I removed the hacks that were done under the dash and used solder and shrink tube to repair that harness.
On the engine side I went with M&H and you need the harness with A/C, I ordered the longer HO one and the tube that goes on the motor mount to reroute the starter wires.
You will also need a separate smaller harness for the A/C that plugs into the engine harness.
There is also a separate harness for the lights if you need that one.
Call them and explain what options you have on the car and they will make sure you get the harnesses you need.


----------



## RunninLeMans (Apr 3, 2014)

HAHAHAHAHAHAHAHA it's comical that I thought the bulkhead hole would be the hard part of this job. Die grinder made short work of it.....

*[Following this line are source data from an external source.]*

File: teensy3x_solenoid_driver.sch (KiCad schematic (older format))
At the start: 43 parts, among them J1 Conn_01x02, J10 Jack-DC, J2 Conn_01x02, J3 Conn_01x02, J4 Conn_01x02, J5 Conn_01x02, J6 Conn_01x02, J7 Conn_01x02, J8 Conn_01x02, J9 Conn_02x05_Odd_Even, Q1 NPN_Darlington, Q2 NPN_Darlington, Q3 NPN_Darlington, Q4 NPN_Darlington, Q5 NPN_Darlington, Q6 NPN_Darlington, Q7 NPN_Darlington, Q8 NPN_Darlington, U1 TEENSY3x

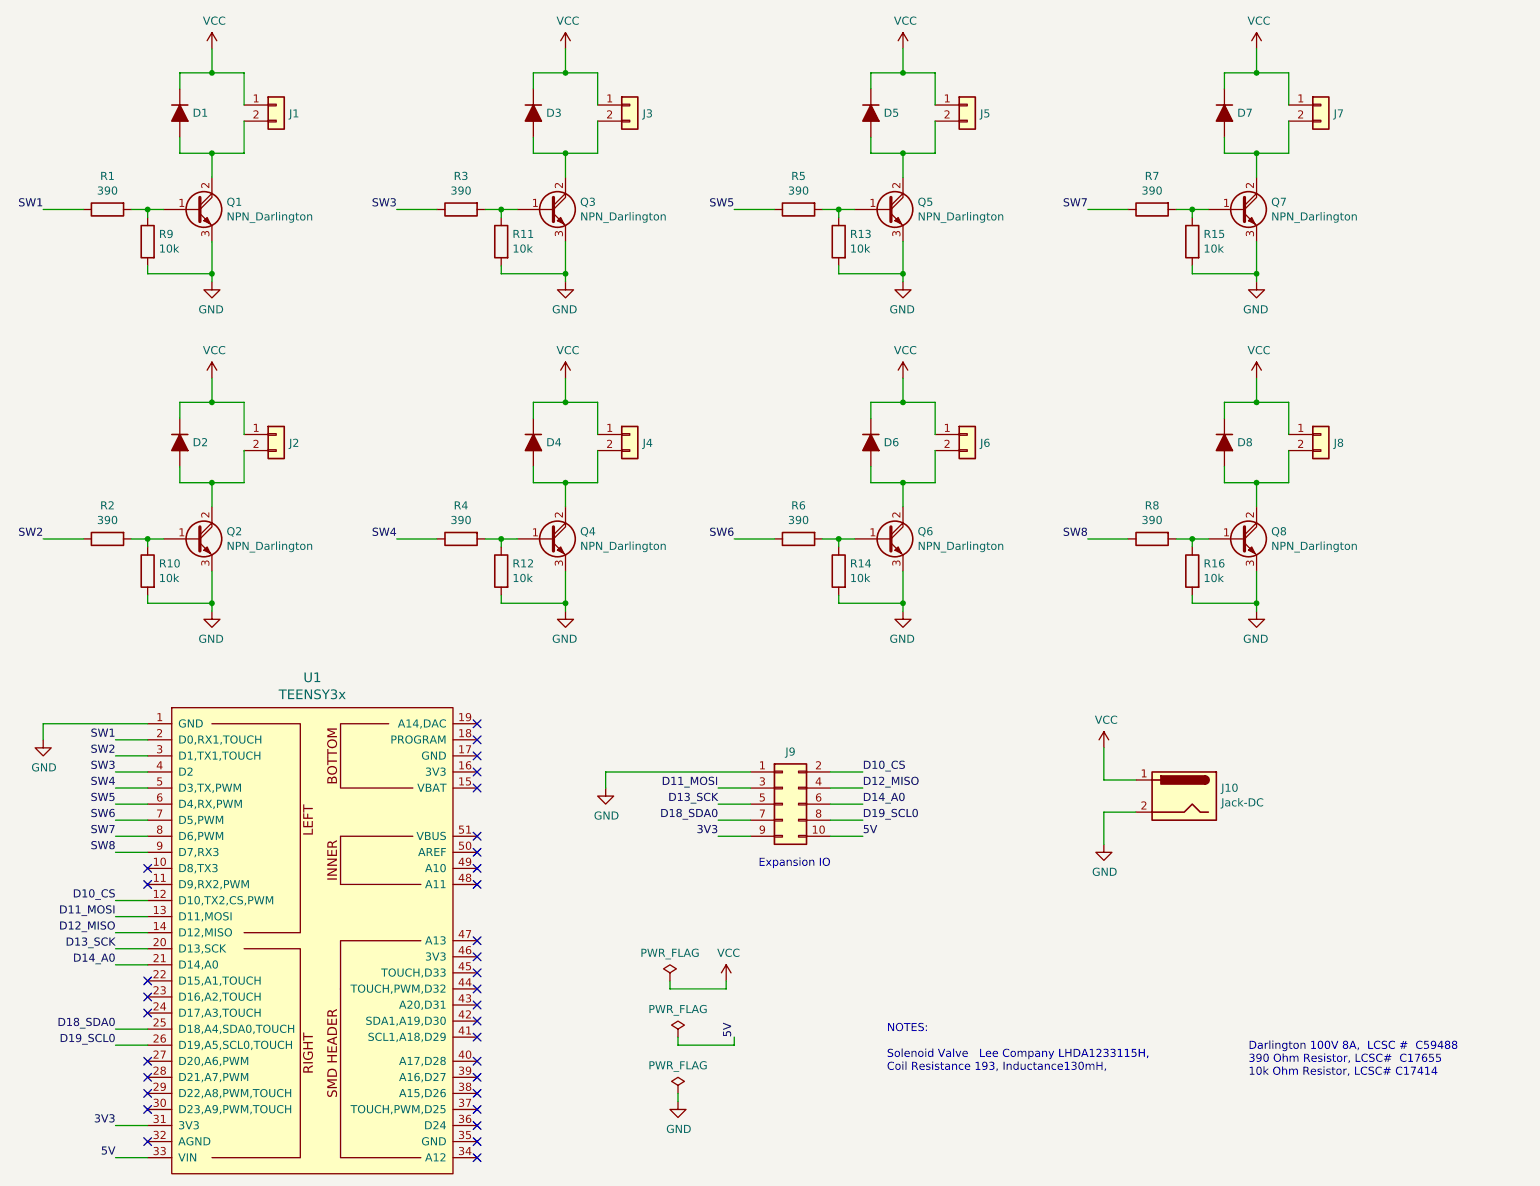
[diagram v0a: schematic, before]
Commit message: Changed base resistor ... forgot about extra voltage drop due to darlington transistor.
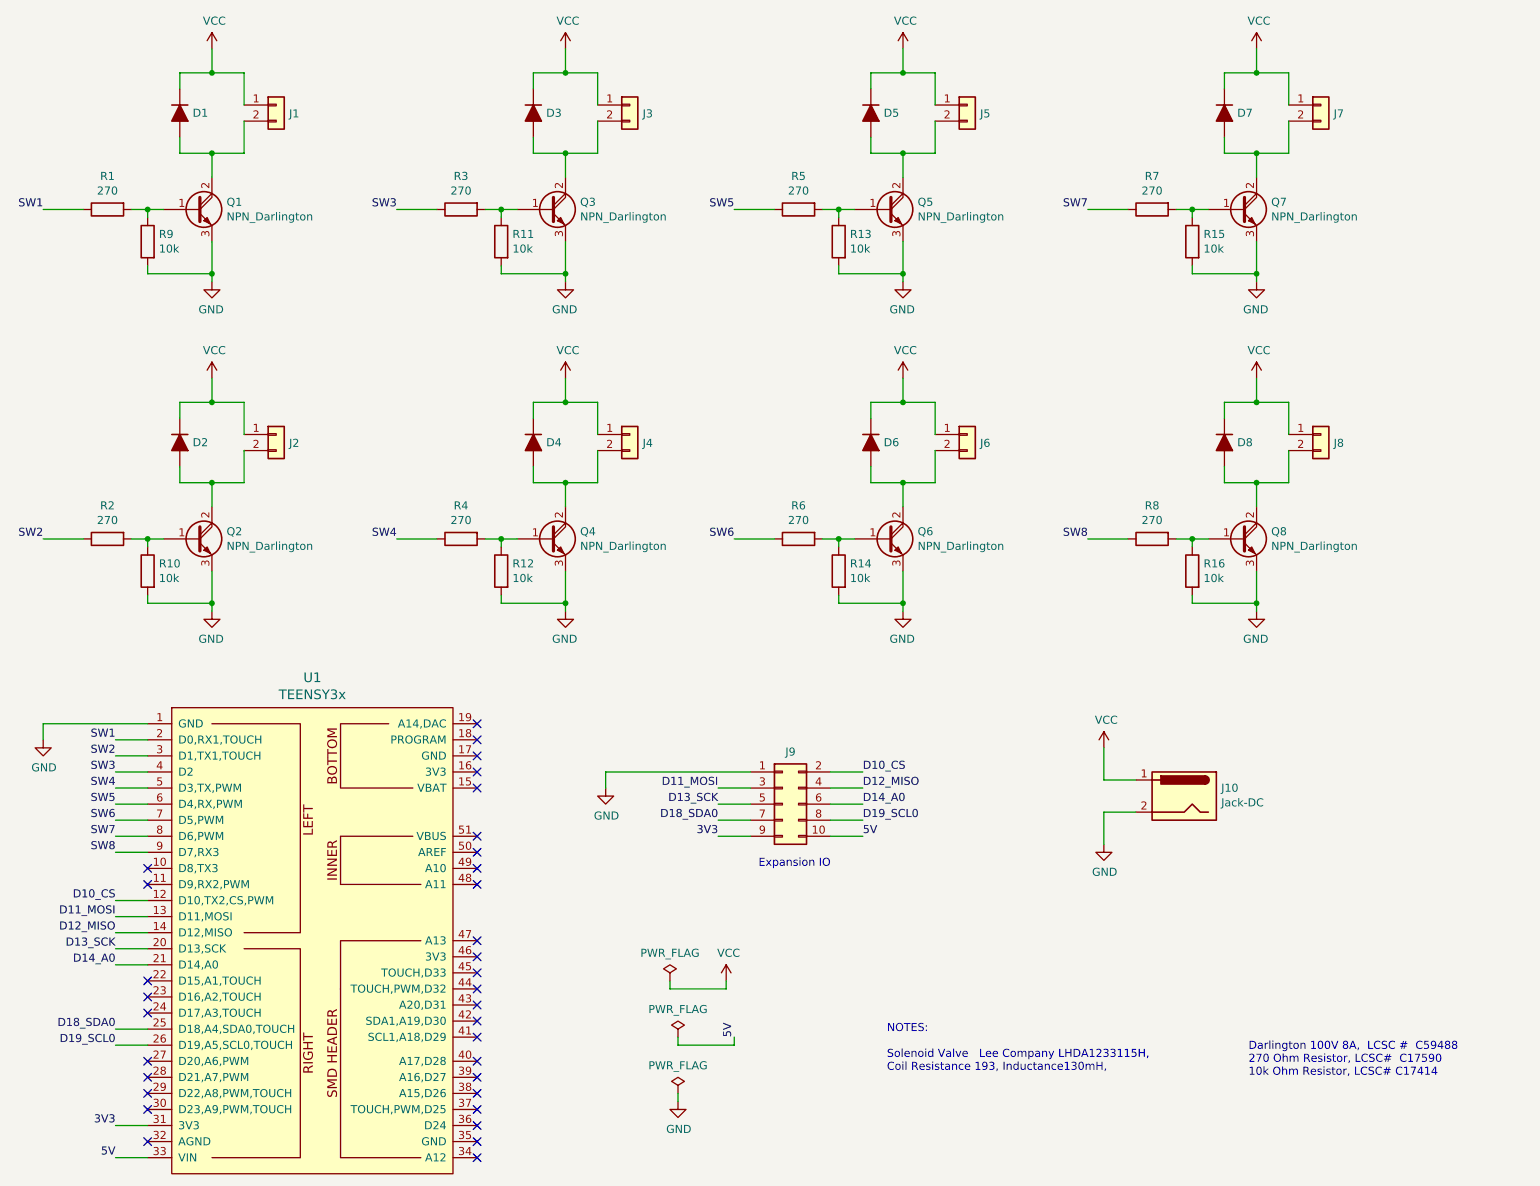
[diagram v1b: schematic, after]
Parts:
- R1, R2, R3, R4, R5, R6, R7, R8: value 390 -> 270
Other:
- note added: "Darlington 100V 8A, LCSC # C59488 \n270 Ohm Resistor, LCSC# C17590\n10k Ohm Resistor, LCSC# C17414"
- note removed: "Darlington 100V 8A, LCSC # C59488 \n390 Ohm Resistor, LCSC# C17655\n10k Ohm Resistor, LCSC# C17414"
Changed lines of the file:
@@
 P 1600 1750
 F 0 "R1" V 1393 1750 50  0000 C CNN
-F 1 "390" V 1484 1750 50  0000 C CNN
+F 1 "270" V 1484 1750 50  0000 C CNN
 F 2 "" V 1530 1750 50  0001 C CNN
 F 3 "~" H 1600 1750 50  0001 C CNN
@@
 P 3800 1750
 F 0 "R3" V 3593 1750 50  0000 C CNN
-F 1 "390" V 3684 1750 50  0000 C CNN
+F 1 "270" V 3684 1750 50  0000 C CNN
 F 2 "" V 3730 1750 50  0001 C CNN
 F 3 "~" H 3800 1750 50  0001 C CNN
@@
 P 5900 1750
 F 0 "R5" V 5693 1750 50  0000 C CNN
-F 1 "390" V 5784 1750 50  0000 C CNN
+F 1 "270" V 5784 1750 50  0000 C CNN
 F 2 "" V 5830 1750 50  0001 C CNN
 F 3 "~" H 5900 1750 50  0001 C CNN
@@
 P 8100 1750
 F 0 "R7" V 7893 1750 50  0000 C CNN
-F 1 "390" V 7984 1750 50  0000 C CNN
+F 1 "270" V 7984 1750 50  0000 C CNN
 F 2 "" V 8030 1750 50  0001 C CNN
 F 3 "~" H 8100 1750 50  0001 C CNN
@@
 P 1600 3800
 F 0 "R2" V 1393 3800 50  0000 C CNN
-F 1 "390" V 1484 3800 50  0000 C CNN
+F 1 "270" V 1484 3800 50  0000 C CNN
 F 2 "" V 1530 3800 50  0001 C CNN
 F 3 "~" H 1600 3800 50  0001 C CNN
@@
 P 3800 3800
 F 0 "R4" V 3593 3800 50  0000 C CNN
-F 1 "390" V 3684 3800 50  0000 C CNN
+F 1 "270" V 3684 3800 50  0000 C CNN
 F 2 "" V 3730 3800 50  0001 C CNN
 F 3 "~" H 3800 3800 50  0001 C CNN
@@
 P 5900 3800
 F 0 "R6" V 5693 3800 50  0000 C CNN
-F 1 "390" V 5784 3800 50  0000 C CNN
+F 1 "270" V 5784 3800 50  0000 C CNN
 F 2 "" V 5830 3800 50  0001 C CNN
 F 3 "~" H 5900 3800 50  0001 C CNN
@@
 P 8100 3800
 F 0 "R8" V 7893 3800 50  0000 C CNN
-F 1 "390" V 7984 3800 50  0000 C CNN
+F 1 "270" V 7984 3800 50  0000 C CNN
 F 2 "" V 8030 3800 50  0001 C CNN
 F 3 "~" H 8100 3800 50  0001 C CNN
@@
 $EndComp
 Text Notes 8700 7150 0    50   ~ 0
-Darlington 100V 8A,  LCSC #  C59488  \n390 Ohm Resistor, LCSC#  C17655\n10k Ohm Resistor, LCSC# C17414
+Darlington 100V 8A,  LCSC #  C59488  \n270 Ohm Resistor, LCSC#  C17590\n10k Ohm Resistor, LCSC# C17414
 Wire Wire Line
 	8000 5300 7800 5300

I have the job 90% done, the car runs and most everything works, I have a few minor issues to resolve. I have a few comments on the AAW kit:

It's pretty generic, and you need to have you're original wiring diagram and keep the old harnesses, because you need to understand how every wire works and where it goes. The good news is the kit has all the wires labeled, and has several wiring diagrams, so it's pretty easy to sort out most of it. I spent a couple hours sorting out the 7-wire directional connector, it didn't match the AAW diagram so I sorted it out wire-by-wire. Still working on the alternator and voltage regulator, have a question in another post. I probably spent 25 shop hours on the job altogether, including removing the dash, but I'm glad I tackled it.


----------